2019-10-23 20:40:07 15[CHD] <aztest1-1|143> SPI 0xc08f3a27, src 51.136.198.59 dst 285.54.258.149
2019-10-23 20:40:07 15[CHD] <aztest1-1|143> registering outbound ESP SA
2019-10-23 20:40:07 15[CHD] <aztest1-1|143> SPI 0xe37df272, src 285.54.258.149 dst 51.136.198.59
2019-10-23 20:40:07 15[CHD] <aztest1-1|143> CHILD_SA azuregw-1{132} state change: INSTALLING => INSTALLED
2019-10-23 20:40:07 15[IKE] <aztest1-1|143> inbound CHILD_SA azuregw-1{132} established with SPIs c08f3a27_i e37df272_o and TS 192.168.1.0/24 === 192.168.64.0/20
2019-10-23 20:40:07 15[CHD] <aztest1-1|143> CHILD_SA azuregw-1{131} state change: INSTALLED => REKEYING
2019-10-23 20:40:07 15[CHD] <aztest1-1|143> CHILD_SA azuregw-1{131} state change: REKEYING => REKEYED
2019-10-23 20:40:07 15[ENC] <aztest1-1|143> generating CREATE_CHILD_SA response 6269 [ SA No TSi TSr ]

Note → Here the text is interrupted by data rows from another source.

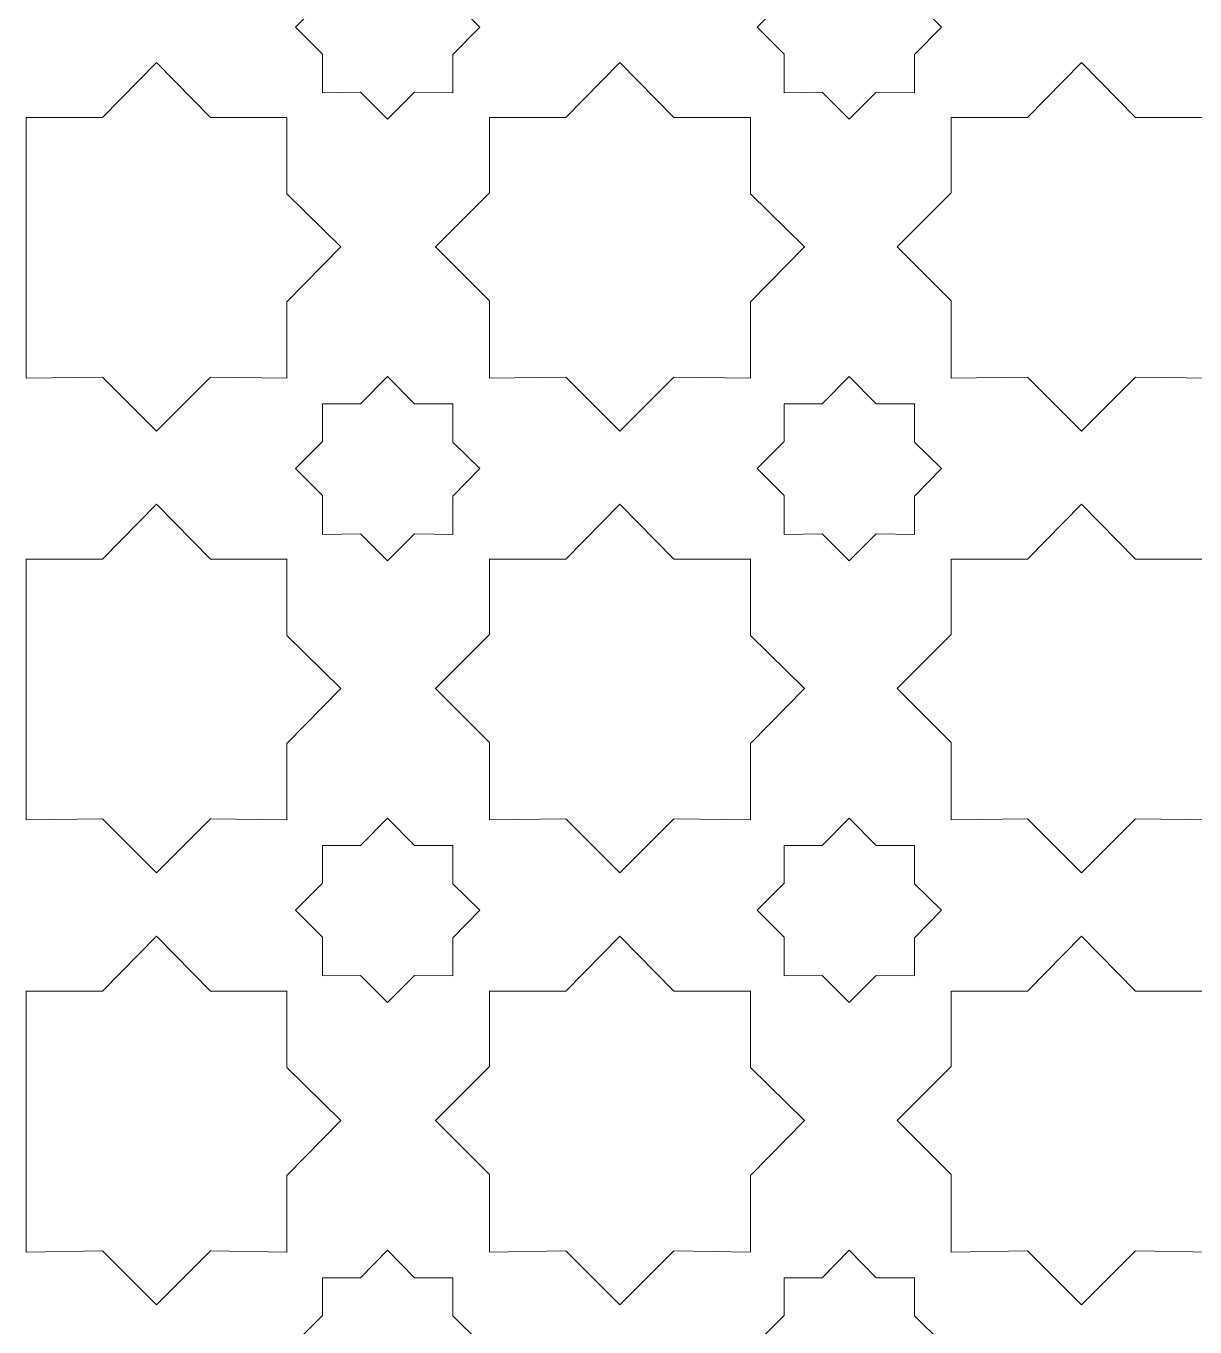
# Model space of a CAD drawing. Header units: centimetres. Extents: x -82 to 82, y -124 to 124.
# Drawn here: x 13.54 to 44.93, y -34.79 to 0.14 of the extents above; entities that cross this region are included whole.
import ezdxf

# ---------------------------------------------------------------- set-up
doc = ezdxf.new("R2010")
doc.units = ezdxf.units.CM
doc.header["$MEASUREMENT"] = 0
doc.layers.add('layer 1', color=7, linetype='Continuous')

msp = doc.modelspace()

# ---------------------------------------------------------------- linework, layer by layer
at = {"layer": 'layer 1', "color": 240, "lineweight": 9}
for points, knots in [([(21.50243, 0.83696), (21.50243, 0.83696), (21.50243, 1.84847), (21.50243, 1.84847), (21.50243, 1.84847), (21.50243, 1.84847), (22.52764, 1.84847), (22.52764, 1.84847), (22.52764, 1.84847), (22.52764, 1.84847), (23.25252, 2.58706), (23.25252, 2.58706), (23.25252, 2.58706), (23.25252, 2.58706), (23.97742, 1.84847), (23.97742, 1.84847), (23.97742, 1.84847), (23.97742, 1.84847), (25.00261, 1.84847), (25.00261, 1.84847), (25.00261, 1.84847), (25.00261, 1.84847), (25.00261, 0.82328), (25.00261, 0.82328), (25.00261, 0.82328), (25.00261, 0.82328), (25.72753, 0.11206), (25.72753, 0.11206), (25.72753, 0.11206), (25.72753, 0.11206), (25.00261, -0.62655), (25.00261, -0.62655), (25.00261, -0.62655), (25.00261, -0.62655), (25.00261, -1.65171), (25.00261, -1.65171), (25.00261, -1.65171), (25.00261, -1.65171), (23.97747, -1.63802), (23.97747, -1.63802), (23.97747, -1.63802), (23.97747, -1.63802), (23.25252, -2.36294), (23.25252, -2.36294), (23.25252, -2.36294), (23.25252, -2.36294), (22.5276, -1.63801), (22.5276, -1.63801), (22.5276, -1.63801), (22.5276, -1.63801), (21.50243, -1.65171), (21.50243, -1.65171), (21.50243, -1.65171), (21.50243, -1.65171), (21.50243, -0.61284), (21.50243, -0.61284), (21.50243, -0.61284), (21.50243, -0.61284), (20.77753, 0.11206), (20.77753, 0.11206), (20.77753, 0.11206), (20.77753, 0.11206), (21.50243, 0.83696), (21.50243, 0.83696)], [0, 0, 0, 0, 0.05882353, 0.05882353, 0.05882353, 0.05882353, 0.11764706, 0.11764706, 0.11764706, 0.11764706, 0.17647059, 0.17647059, 0.17647059, 0.17647059, 0.23529412, 0.23529412, 0.23529412, 0.23529412, 0.29411765, 0.29411765, 0.29411765, 0.29411765, 0.35294118, 0.35294118, 0.35294118, 0.35294118, 0.41176471, 0.41176471, 0.41176471, 0.41176471, 0.47058824, 0.47058824, 0.47058824, 0.47058824, 0.52941176, 0.52941176, 0.52941176, 0.52941176, 0.58823529, 0.58823529, 0.58823529, 0.58823529, 0.64705882, 0.64705882, 0.64705882, 0.64705882, 0.70588235, 0.70588235, 0.70588235, 0.70588235, 0.76470588, 0.76470588, 0.76470588, 0.76470588, 0.82352941, 0.82352941, 0.82352941, 0.82352941, 0.88235294, 0.88235294, 0.88235294, 0.88235294, 1, 1, 1, 1]), ([(33.89443, 0.83696), (33.89443, 0.83696), (33.89443, 1.84847), (33.89443, 1.84847), (33.89443, 1.84847), (33.89443, 1.84847), (34.91964, 1.84847), (34.91964, 1.84847), (34.91964, 1.84847), (34.91964, 1.84847), (35.64452, 2.58706), (35.64452, 2.58706), (35.64452, 2.58706), (35.64452, 2.58706), (36.36942, 1.84847), (36.36942, 1.84847), (36.36942, 1.84847), (36.36942, 1.84847), (37.39461, 1.84847), (37.39461, 1.84847), (37.39461, 1.84847), (37.39461, 1.84847), (37.39461, 0.82328), (37.39461, 0.82328), (37.39461, 0.82328), (37.39461, 0.82328), (38.11953, 0.11206), (38.11953, 0.11206), (38.11953, 0.11206), (38.11953, 0.11206), (37.39461, -0.62655), (37.39461, -0.62655), (37.39461, -0.62655), (37.39461, -0.62655), (37.39461, -1.65171), (37.39461, -1.65171), (37.39461, -1.65171), (37.39461, -1.65171), (36.36947, -1.63802), (36.36947, -1.63802), (36.36947, -1.63802), (36.36947, -1.63802), (35.64452, -2.36294), (35.64452, -2.36294), (35.64452, -2.36294), (35.64452, -2.36294), (34.9196, -1.63801), (34.9196, -1.63801), (34.9196, -1.63801), (34.9196, -1.63801), (33.89443, -1.65171), (33.89443, -1.65171), (33.89443, -1.65171), (33.89443, -1.65171), (33.89443, -0.61284), (33.89443, -0.61284), (33.89443, -0.61284), (33.89443, -0.61284), (33.16953, 0.11206), (33.16953, 0.11206), (33.16953, 0.11206), (33.16953, 0.11206), (33.89443, 0.83696), (33.89443, 0.83696)], [0, 0, 0, 0, 0.05882353, 0.05882353, 0.05882353, 0.05882353, 0.11764706, 0.11764706, 0.11764706, 0.11764706, 0.17647059, 0.17647059, 0.17647059, 0.17647059, 0.23529412, 0.23529412, 0.23529412, 0.23529412, 0.29411765, 0.29411765, 0.29411765, 0.29411765, 0.35294118, 0.35294118, 0.35294118, 0.35294118, 0.41176471, 0.41176471, 0.41176471, 0.41176471, 0.47058824, 0.47058824, 0.47058824, 0.47058824, 0.52941176, 0.52941176, 0.52941176, 0.52941176, 0.58823529, 0.58823529, 0.58823529, 0.58823529, 0.64705882, 0.64705882, 0.64705882, 0.64705882, 0.70588235, 0.70588235, 0.70588235, 0.70588235, 0.76470588, 0.76470588, 0.76470588, 0.76470588, 0.82352941, 0.82352941, 0.82352941, 0.82352941, 0.88235294, 0.88235294, 0.88235294, 0.88235294, 1, 1, 1, 1]), ([(13.5438, -2.31599), (13.5438, -2.31599), (15.59411, -2.31599), (15.59411, -2.31599), (15.59411, -2.31599), (15.59411, -2.31599), (17.04381, -0.83889), (17.04381, -0.83889), (17.04381, -0.83889), (17.04381, -0.83889), (18.49352, -2.31599), (18.49352, -2.31599), (18.49352, -2.31599), (18.49352, -2.31599), (20.5438, -2.31599), (20.5438, -2.31599), (20.5438, -2.31599), (20.5438, -2.31599), (20.5438, -4.36627), (20.5438, -4.36627), (20.5438, -4.36627), (20.5438, -4.36627), (21.99356, -5.78864), (21.99356, -5.78864), (21.99356, -5.78864), (21.99356, -5.78864), (20.5438, -7.26578), (20.5438, -7.26578), (20.5438, -7.26578), (20.5438, -7.26578), (20.5438, -9.31599), (20.5438, -9.31599), (20.5438, -9.31599), (20.5438, -9.31599), (18.49363, -9.28861), (18.49363, -9.28861), (18.49363, -9.28861), (18.49363, -9.28861), (17.04381, -10.73838), (17.04381, -10.73838), (17.04381, -10.73838), (17.04381, -10.73838), (15.59403, -9.2886), (15.59403, -9.2886), (15.59403, -9.2886), (15.59403, -9.2886), (13.5438, -9.31599), (13.5438, -9.31599), (13.5438, -9.31599), (13.5438, -6.98266), (13.54381, -4.64932), (13.5438, -2.31599)], [0, 0, 0, 0, 0.07142857, 0.07142857, 0.07142857, 0.07142857, 0.14285714, 0.14285714, 0.14285714, 0.14285714, 0.21428571, 0.21428571, 0.21428571, 0.21428571, 0.28571429, 0.28571429, 0.28571429, 0.28571429, 0.35714286, 0.35714286, 0.35714286, 0.35714286, 0.42857143, 0.42857143, 0.42857143, 0.42857143, 0.5, 0.5, 0.5, 0.5, 0.57142857, 0.57142857, 0.57142857, 0.57142857, 0.64285714, 0.64285714, 0.64285714, 0.64285714, 0.71428571, 0.71428571, 0.71428571, 0.71428571, 0.78571429, 0.78571429, 0.78571429, 0.78571429, 0.85714286, 0.85714286, 0.85714286, 0.85714286, 1, 1, 1, 1]), ([(25.98981, -4.33891), (25.98981, -4.33891), (25.9898, -2.31599), (25.9898, -2.31599), (25.9898, -2.31599), (25.9898, -2.31599), (28.04011, -2.31599), (28.04011, -2.31599), (28.04011, -2.31599), (28.04011, -2.31599), (29.48981, -0.83889), (29.48981, -0.83889), (29.48981, -0.83889), (29.48981, -0.83889), (30.93952, -2.31599), (30.93952, -2.31599), (30.93952, -2.31599), (30.93952, -2.31599), (32.9898, -2.31599), (32.9898, -2.31599), (32.9898, -2.31599), (32.9898, -2.31599), (32.9898, -4.36627), (32.9898, -4.36627), (32.9898, -4.36627), (32.9898, -4.36627), (34.43956, -5.78864), (34.43956, -5.78864), (34.43956, -5.78864), (34.43956, -5.78864), (32.9898, -7.26578), (32.9898, -7.26578), (32.9898, -7.26578), (32.9898, -7.26578), (32.9898, -9.31599), (32.9898, -9.31599), (32.9898, -9.31599), (32.9898, -9.31599), (30.93963, -9.28861), (30.93963, -9.28861), (30.93963, -9.28861), (30.93963, -9.28861), (29.48981, -10.73838), (29.48981, -10.73838), (29.48981, -10.73838), (29.48981, -10.73838), (28.04003, -9.2886), (28.04003, -9.2886), (28.04003, -9.2886), (28.04003, -9.2886), (25.9898, -9.31599), (25.9898, -9.31599), (25.9898, -9.31599), (25.9898, -9.31599), (25.9898, -7.23837), (25.9898, -7.23837), (25.9898, -7.23837), (25.9898, -7.23837), (24.54007, -5.78864), (24.54007, -5.78864), (24.54007, -5.78864), (24.54007, -5.78864), (25.98981, -4.33891), (25.98981, -4.33891)], [0, 0, 0, 0, 0.05882353, 0.05882353, 0.05882353, 0.05882353, 0.11764706, 0.11764706, 0.11764706, 0.11764706, 0.17647059, 0.17647059, 0.17647059, 0.17647059, 0.23529412, 0.23529412, 0.23529412, 0.23529412, 0.29411765, 0.29411765, 0.29411765, 0.29411765, 0.35294118, 0.35294118, 0.35294118, 0.35294118, 0.41176471, 0.41176471, 0.41176471, 0.41176471, 0.47058824, 0.47058824, 0.47058824, 0.47058824, 0.52941176, 0.52941176, 0.52941176, 0.52941176, 0.58823529, 0.58823529, 0.58823529, 0.58823529, 0.64705882, 0.64705882, 0.64705882, 0.64705882, 0.70588235, 0.70588235, 0.70588235, 0.70588235, 0.76470588, 0.76470588, 0.76470588, 0.76470588, 0.82352941, 0.82352941, 0.82352941, 0.82352941, 0.88235294, 0.88235294, 0.88235294, 0.88235294, 1, 1, 1, 1]), ([(38.38181, -4.33891), (38.38181, -4.33891), (38.3818, -2.31599), (38.3818, -2.31599), (38.3818, -2.31599), (38.3818, -2.31599), (40.43211, -2.31599), (40.43211, -2.31599), (40.43211, -2.31599), (40.43211, -2.31599), (41.88181, -0.83889), (41.88181, -0.83889), (41.88181, -0.83889), (41.88181, -0.83889), (43.33152, -2.31599), (43.33152, -2.31599), (43.33152, -2.31599), (43.33152, -2.31599), (45.3818, -2.31599), (45.3818, -2.31599), (45.3818, -2.31599), (45.3818, -2.31599), (45.3818, -4.36627), (45.3818, -4.36627), (45.3818, -4.36627), (45.3818, -4.36627), (46.83156, -5.78864), (46.83156, -5.78864), (46.83156, -5.78864), (46.83156, -5.78864), (45.3818, -7.26578), (45.3818, -7.26578), (45.3818, -7.26578), (45.3818, -7.26578), (45.3818, -9.31599), (45.3818, -9.31599), (45.3818, -9.31599), (45.3818, -9.31599), (43.33163, -9.28861), (43.33163, -9.28861), (43.33163, -9.28861), (43.33163, -9.28861), (41.88181, -10.73838), (41.88181, -10.73838), (41.88181, -10.73838), (41.88181, -10.73838), (40.43203, -9.2886), (40.43203, -9.2886), (40.43203, -9.2886), (40.43203, -9.2886), (38.3818, -9.31599), (38.3818, -9.31599), (38.3818, -9.31599), (38.3818, -9.31599), (38.3818, -7.23837), (38.3818, -7.23837), (38.3818, -7.23837), (38.3818, -7.23837), (36.93207, -5.78864), (36.93207, -5.78864), (36.93207, -5.78864), (36.93207, -5.78864), (38.38181, -4.33891), (38.38181, -4.33891)], [0, 0, 0, 0, 0.05882353, 0.05882353, 0.05882353, 0.05882353, 0.11764706, 0.11764706, 0.11764706, 0.11764706, 0.17647059, 0.17647059, 0.17647059, 0.17647059, 0.23529412, 0.23529412, 0.23529412, 0.23529412, 0.29411765, 0.29411765, 0.29411765, 0.29411765, 0.35294118, 0.35294118, 0.35294118, 0.35294118, 0.41176471, 0.41176471, 0.41176471, 0.41176471, 0.47058824, 0.47058824, 0.47058824, 0.47058824, 0.52941176, 0.52941176, 0.52941176, 0.52941176, 0.58823529, 0.58823529, 0.58823529, 0.58823529, 0.64705882, 0.64705882, 0.64705882, 0.64705882, 0.70588235, 0.70588235, 0.70588235, 0.70588235, 0.76470588, 0.76470588, 0.76470588, 0.76470588, 0.82352941, 0.82352941, 0.82352941, 0.82352941, 0.88235294, 0.88235294, 0.88235294, 0.88235294, 1, 1, 1, 1]), ([(21.50243, -11.01874), (21.50243, -11.01874), (21.50243, -10.00723), (21.50243, -10.00723), (21.50243, -10.00723), (21.50243, -10.00723), (22.52764, -10.00723), (22.52764, -10.00723), (22.52764, -10.00723), (22.52764, -10.00723), (23.25252, -9.26864), (23.25252, -9.26864), (23.25252, -9.26864), (23.25252, -9.26864), (23.97742, -10.00723), (23.97742, -10.00723), (23.97742, -10.00723), (23.97742, -10.00723), (25.00261, -10.00723), (25.00261, -10.00723), (25.00261, -10.00723), (25.00261, -10.00723), (25.00261, -11.03242), (25.00261, -11.03242), (25.00261, -11.03242), (25.00261, -11.03242), (25.72753, -11.74364), (25.72753, -11.74364), (25.72753, -11.74364), (25.72753, -11.74364), (25.00261, -12.48225), (25.00261, -12.48225), (25.00261, -12.48225), (25.00261, -12.48225), (25.00261, -13.50741), (25.00261, -13.50741), (25.00261, -13.50741), (25.00261, -13.50741), (23.97747, -13.49372), (23.97747, -13.49372), (23.97747, -13.49372), (23.97747, -13.49372), (23.25252, -14.21864), (23.25252, -14.21864), (23.25252, -14.21864), (23.25252, -14.21864), (22.5276, -13.49371), (22.5276, -13.49371), (22.5276, -13.49371), (22.5276, -13.49371), (21.50243, -13.50741), (21.50243, -13.50741), (21.50243, -13.50741), (21.50243, -13.50741), (21.50243, -12.46854), (21.50243, -12.46854), (21.50243, -12.46854), (21.50243, -12.46854), (20.77753, -11.74364), (20.77753, -11.74364), (20.77753, -11.74364), (20.77753, -11.74364), (21.50243, -11.01874), (21.50243, -11.01874)], [0, 0, 0, 0, 0.05882353, 0.05882353, 0.05882353, 0.05882353, 0.11764706, 0.11764706, 0.11764706, 0.11764706, 0.17647059, 0.17647059, 0.17647059, 0.17647059, 0.23529412, 0.23529412, 0.23529412, 0.23529412, 0.29411765, 0.29411765, 0.29411765, 0.29411765, 0.35294118, 0.35294118, 0.35294118, 0.35294118, 0.41176471, 0.41176471, 0.41176471, 0.41176471, 0.47058824, 0.47058824, 0.47058824, 0.47058824, 0.52941176, 0.52941176, 0.52941176, 0.52941176, 0.58823529, 0.58823529, 0.58823529, 0.58823529, 0.64705882, 0.64705882, 0.64705882, 0.64705882, 0.70588235, 0.70588235, 0.70588235, 0.70588235, 0.76470588, 0.76470588, 0.76470588, 0.76470588, 0.82352941, 0.82352941, 0.82352941, 0.82352941, 0.88235294, 0.88235294, 0.88235294, 0.88235294, 1, 1, 1, 1]), ([(33.89443, -11.01874), (33.89443, -11.01874), (33.89443, -10.00723), (33.89443, -10.00723), (33.89443, -10.00723), (33.89443, -10.00723), (34.91964, -10.00723), (34.91964, -10.00723), (34.91964, -10.00723), (34.91964, -10.00723), (35.64452, -9.26864), (35.64452, -9.26864), (35.64452, -9.26864), (35.64452, -9.26864), (36.36942, -10.00723), (36.36942, -10.00723), (36.36942, -10.00723), (36.36942, -10.00723), (37.39461, -10.00723), (37.39461, -10.00723), (37.39461, -10.00723), (37.39461, -10.00723), (37.39461, -11.03242), (37.39461, -11.03242), (37.39461, -11.03242), (37.39461, -11.03242), (38.11953, -11.74364), (38.11953, -11.74364), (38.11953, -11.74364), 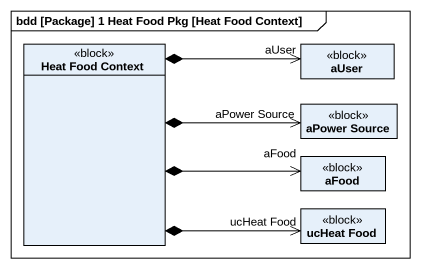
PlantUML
@startuml
mainframe bdd [Package] 1 Heat Food Pkg [Heat Food Context]
hide circle
hide empty members
class "Heat Food Context" as Heat_Food_Context <<block>>
class aUser <<block>>
class "aPower Source" as aPower_Source <<block>>
class aFood <<block>>
class "ucHeat Food" as ucHeat_Food <<block>>
Heat_Food_Context *-right-> "aUser" aUser
Heat_Food_Context *-right-> "aPower Source" aPower_Source
Heat_Food_Context *-right-> "aFood" aFood
Heat_Food_Context *-right-> "ucHeat Food" ucHeat_Food
@enduml

2019-10-23 20:40:07 15[NET] <aztest1-1|143> sending packet: from 285.54.258.149[500] to 51.136.198.59[500] (208 bytes)
2019-10-23 20:40:07 04[NET] sending packet: from 285.54.258.149[500] to 51.136.198.59[500]
2019-10-23 20:40:07 03[NET] received packet: from 51.136.198.59[500] to 285.54.258.149[500] on Port2
2019-10-23 20:40:07 03[NET] waiting for data on sockets
2019-10-23 20:40:07 11[NET] <aztest1-1|143> received packet: from 51.136.198.59[500] to 285.54.258.149[500] (80 bytes)
2019-10-23 20:40:07 11[ENC] <aztest1-1|143> parsed INFORMATIONAL request 6270 [ D ]
2019-10-23 20:40:07 11[IKE] <aztest1-1|143> received DELETE for ESP CHILD_SA with SPI 6d8c6dba
2019-10-23 20:40:07 11[IKE] <aztest1-1|143> closing CHILD_SA azuregw-1{131} with SPIs c300308c_i (532547358 bytes) 6d8c6dba_o (35133355 bytes) and TS 192.168.1.0/24 === 192.168.64.0/20
2019-10-23 20:40:07 11[IKE] <aztest1-1|143> sending DELETE for ESP CHILD_SA with SPI c300308c
2019-10-23 20:40:07 11[CHD] <aztest1-1|143> CHILD_SA azuregw-1{131} state change: REKEYED => DELETING
2019-10-23 20:40:07 11[IKE] <aztest1-1|143> CHILD_SA closed
2019-10-23 20:40:07 11[CHD] <aztest1-1|143> CHILD_SA azuregw-1{131} state change: DELETING => DELETED

Conclusion:

The initiator side (Azure), sends a rekey request, however the SA does not re-establish after the rekey, then Sophos XG honor by deleting the TS as requested. In this particular scenario, the issue lays on the Azure side, which will require further investigation on the Azure logs.